Poligoni e veleni. È una realtà cruda che le paludate parole che rivendicano il sacro principio dei diritti della difesa non riescono a mascherare. E infatti, guarda caso, un altro processo per disastro ambientale, quello per i veleni di Quirra, sta correndo fatalmente verso il binario morto della prescrizione. E allora a nulla saranno serviti il coraggio e la determinazione di un procuratore come Domenico Fiordalisi che ha sfidato il potere militare per fare luce sulla devastazione operata per mezzo secolo su oltre 13mila ettari di Sardegna.
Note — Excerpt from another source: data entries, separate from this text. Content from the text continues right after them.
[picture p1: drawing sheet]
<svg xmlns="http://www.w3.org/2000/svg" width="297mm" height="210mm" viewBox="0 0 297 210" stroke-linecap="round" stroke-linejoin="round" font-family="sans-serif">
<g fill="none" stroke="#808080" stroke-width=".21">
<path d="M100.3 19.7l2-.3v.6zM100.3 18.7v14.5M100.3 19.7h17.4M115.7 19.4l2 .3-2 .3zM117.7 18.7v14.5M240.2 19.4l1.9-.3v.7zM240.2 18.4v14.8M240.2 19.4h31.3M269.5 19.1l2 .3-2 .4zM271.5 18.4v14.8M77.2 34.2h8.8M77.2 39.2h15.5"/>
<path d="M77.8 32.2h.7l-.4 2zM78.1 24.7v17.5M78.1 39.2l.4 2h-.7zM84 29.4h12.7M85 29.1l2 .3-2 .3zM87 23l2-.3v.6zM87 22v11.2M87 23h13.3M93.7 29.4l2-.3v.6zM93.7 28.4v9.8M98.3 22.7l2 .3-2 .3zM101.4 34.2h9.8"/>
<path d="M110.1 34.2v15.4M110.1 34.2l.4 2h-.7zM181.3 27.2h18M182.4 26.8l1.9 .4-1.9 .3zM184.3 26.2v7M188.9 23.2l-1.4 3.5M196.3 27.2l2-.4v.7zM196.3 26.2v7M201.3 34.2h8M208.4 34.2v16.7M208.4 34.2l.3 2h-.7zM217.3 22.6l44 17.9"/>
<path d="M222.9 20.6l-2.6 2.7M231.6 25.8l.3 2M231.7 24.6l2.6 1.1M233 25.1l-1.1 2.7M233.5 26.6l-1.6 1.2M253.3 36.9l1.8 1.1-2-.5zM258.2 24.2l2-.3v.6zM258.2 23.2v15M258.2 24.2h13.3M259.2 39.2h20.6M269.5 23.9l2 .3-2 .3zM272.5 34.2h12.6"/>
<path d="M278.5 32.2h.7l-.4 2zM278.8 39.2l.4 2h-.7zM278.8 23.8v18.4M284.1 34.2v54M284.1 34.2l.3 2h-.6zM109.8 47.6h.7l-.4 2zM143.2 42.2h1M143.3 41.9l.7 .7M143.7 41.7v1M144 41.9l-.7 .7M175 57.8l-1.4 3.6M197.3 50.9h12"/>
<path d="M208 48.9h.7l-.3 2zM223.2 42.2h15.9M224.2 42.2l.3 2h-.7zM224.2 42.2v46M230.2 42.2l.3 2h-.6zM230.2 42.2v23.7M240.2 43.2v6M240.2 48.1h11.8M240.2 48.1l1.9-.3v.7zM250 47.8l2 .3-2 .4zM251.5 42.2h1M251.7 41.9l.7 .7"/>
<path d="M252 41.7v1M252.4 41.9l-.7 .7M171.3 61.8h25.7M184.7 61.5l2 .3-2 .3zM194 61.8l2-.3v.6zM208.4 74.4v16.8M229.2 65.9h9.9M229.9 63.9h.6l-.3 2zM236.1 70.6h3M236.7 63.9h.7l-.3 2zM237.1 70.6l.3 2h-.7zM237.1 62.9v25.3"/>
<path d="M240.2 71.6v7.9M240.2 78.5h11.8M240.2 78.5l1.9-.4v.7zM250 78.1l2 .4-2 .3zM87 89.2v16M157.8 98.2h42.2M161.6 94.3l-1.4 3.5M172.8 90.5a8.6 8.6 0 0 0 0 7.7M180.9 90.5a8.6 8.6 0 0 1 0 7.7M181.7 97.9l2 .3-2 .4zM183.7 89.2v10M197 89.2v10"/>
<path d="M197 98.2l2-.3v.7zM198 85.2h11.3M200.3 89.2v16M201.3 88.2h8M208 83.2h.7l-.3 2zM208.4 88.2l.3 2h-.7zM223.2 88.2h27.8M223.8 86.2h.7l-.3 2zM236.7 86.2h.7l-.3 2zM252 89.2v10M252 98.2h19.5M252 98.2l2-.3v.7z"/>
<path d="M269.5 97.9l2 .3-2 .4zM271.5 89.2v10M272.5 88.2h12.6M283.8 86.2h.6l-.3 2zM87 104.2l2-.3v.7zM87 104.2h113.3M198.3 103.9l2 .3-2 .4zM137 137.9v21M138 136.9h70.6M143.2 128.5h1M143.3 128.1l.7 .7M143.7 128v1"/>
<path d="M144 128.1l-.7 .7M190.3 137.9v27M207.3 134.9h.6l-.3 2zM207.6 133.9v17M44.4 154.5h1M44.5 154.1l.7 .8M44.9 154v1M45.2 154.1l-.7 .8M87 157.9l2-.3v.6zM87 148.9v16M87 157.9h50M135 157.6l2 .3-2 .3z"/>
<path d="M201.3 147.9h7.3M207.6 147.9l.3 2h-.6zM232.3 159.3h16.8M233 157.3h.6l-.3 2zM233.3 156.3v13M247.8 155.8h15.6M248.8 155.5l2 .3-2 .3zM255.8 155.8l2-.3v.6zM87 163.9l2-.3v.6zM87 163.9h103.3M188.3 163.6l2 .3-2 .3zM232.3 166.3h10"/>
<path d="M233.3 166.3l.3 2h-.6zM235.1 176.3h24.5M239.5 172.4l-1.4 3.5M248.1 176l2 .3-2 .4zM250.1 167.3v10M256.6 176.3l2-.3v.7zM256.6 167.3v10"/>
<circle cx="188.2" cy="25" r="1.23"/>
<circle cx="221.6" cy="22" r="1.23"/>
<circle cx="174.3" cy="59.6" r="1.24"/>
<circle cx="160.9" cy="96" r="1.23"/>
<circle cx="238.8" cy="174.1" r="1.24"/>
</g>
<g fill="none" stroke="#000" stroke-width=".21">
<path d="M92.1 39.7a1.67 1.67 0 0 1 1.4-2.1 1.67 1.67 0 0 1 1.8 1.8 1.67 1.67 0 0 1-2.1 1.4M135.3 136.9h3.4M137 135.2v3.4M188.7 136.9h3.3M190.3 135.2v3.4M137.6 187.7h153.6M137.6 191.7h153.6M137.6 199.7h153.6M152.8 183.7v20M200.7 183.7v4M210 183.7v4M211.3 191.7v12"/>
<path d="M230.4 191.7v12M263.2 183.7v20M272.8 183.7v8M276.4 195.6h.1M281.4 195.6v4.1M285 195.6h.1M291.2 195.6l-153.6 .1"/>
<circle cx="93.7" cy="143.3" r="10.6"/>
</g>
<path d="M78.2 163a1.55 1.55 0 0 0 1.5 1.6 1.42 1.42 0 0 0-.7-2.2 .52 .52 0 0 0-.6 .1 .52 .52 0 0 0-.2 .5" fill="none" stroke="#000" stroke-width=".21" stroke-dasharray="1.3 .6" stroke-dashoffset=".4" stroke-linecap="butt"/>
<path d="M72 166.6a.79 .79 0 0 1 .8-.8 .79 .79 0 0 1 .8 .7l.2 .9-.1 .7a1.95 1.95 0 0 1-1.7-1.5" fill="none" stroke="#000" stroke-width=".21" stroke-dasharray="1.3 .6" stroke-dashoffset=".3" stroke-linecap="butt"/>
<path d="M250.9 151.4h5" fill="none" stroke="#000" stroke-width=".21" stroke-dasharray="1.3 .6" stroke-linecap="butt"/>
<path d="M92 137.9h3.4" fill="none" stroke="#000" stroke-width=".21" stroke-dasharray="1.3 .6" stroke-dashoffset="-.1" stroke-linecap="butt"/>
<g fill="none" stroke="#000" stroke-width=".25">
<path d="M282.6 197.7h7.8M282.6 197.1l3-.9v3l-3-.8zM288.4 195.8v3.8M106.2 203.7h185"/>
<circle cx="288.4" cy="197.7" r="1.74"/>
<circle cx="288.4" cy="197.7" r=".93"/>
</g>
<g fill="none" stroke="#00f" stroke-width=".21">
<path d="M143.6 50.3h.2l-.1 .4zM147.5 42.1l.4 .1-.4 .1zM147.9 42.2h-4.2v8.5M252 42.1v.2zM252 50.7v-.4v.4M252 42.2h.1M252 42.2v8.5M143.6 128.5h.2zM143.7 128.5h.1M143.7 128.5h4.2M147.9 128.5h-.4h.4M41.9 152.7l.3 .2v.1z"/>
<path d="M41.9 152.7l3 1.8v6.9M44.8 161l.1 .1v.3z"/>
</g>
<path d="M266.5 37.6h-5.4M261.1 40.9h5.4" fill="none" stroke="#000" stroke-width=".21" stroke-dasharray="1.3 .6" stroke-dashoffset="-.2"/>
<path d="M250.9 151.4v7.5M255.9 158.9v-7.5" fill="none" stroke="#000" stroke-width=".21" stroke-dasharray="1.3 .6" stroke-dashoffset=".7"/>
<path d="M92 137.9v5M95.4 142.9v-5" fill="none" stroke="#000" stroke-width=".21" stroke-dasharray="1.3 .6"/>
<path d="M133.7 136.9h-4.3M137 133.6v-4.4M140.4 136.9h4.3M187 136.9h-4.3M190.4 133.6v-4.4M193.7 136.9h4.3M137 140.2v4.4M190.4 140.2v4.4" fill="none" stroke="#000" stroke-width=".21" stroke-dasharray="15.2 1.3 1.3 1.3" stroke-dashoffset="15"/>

Si diceva prima che l'età dell'innocenza è finita da molto tempo. Da almeno vent'anni esistono infatti studi e ricerche epidemiologiche che legano aree industriali e militari inquinate a un'insorgenza anomala di gravi patologie. Soprattutto tumori. E questa evidenza chiama direttamente in causa la politica. La sua ignavia e la sua debolezza, prima di tutto. E, in alcuni casi, forse addirittura la sua complicità. Mentre tragedie ambientali e umane si consumavano, la politica ha preferito nascondersi dietro le infinite dispute su metodi di rilevamento, in risultati di analisi non coerenti e quindi controversi, in silenzi sospetti e in minimizzazioni inquietanti. Un'eclissi della ragione che ha generato mostri. Come l'agghiacciante e rassegnata considerazione raccolta dal nostro giornale alcuni anni fa nella zona di Quirra: «Meglio un morto di cancro in più di un posto di lavoro in meno».

Il lavoro e il diritto alla vita. La rinuncia della politica, che non ha avuto neppure il coraggio di fissare in legge limiti prescrittivi congrui, ha così prodotto addirittura il rovesciamento delle categorie morali e giuridiche che governano il vivere comunitario: il posto di lavoro visto come bene più prezioso del diritto naturale e costituzionale alla salute e alla vita. Una responsabilità enorme perché è stato inquinato fino alle fondamenta il patto sociale.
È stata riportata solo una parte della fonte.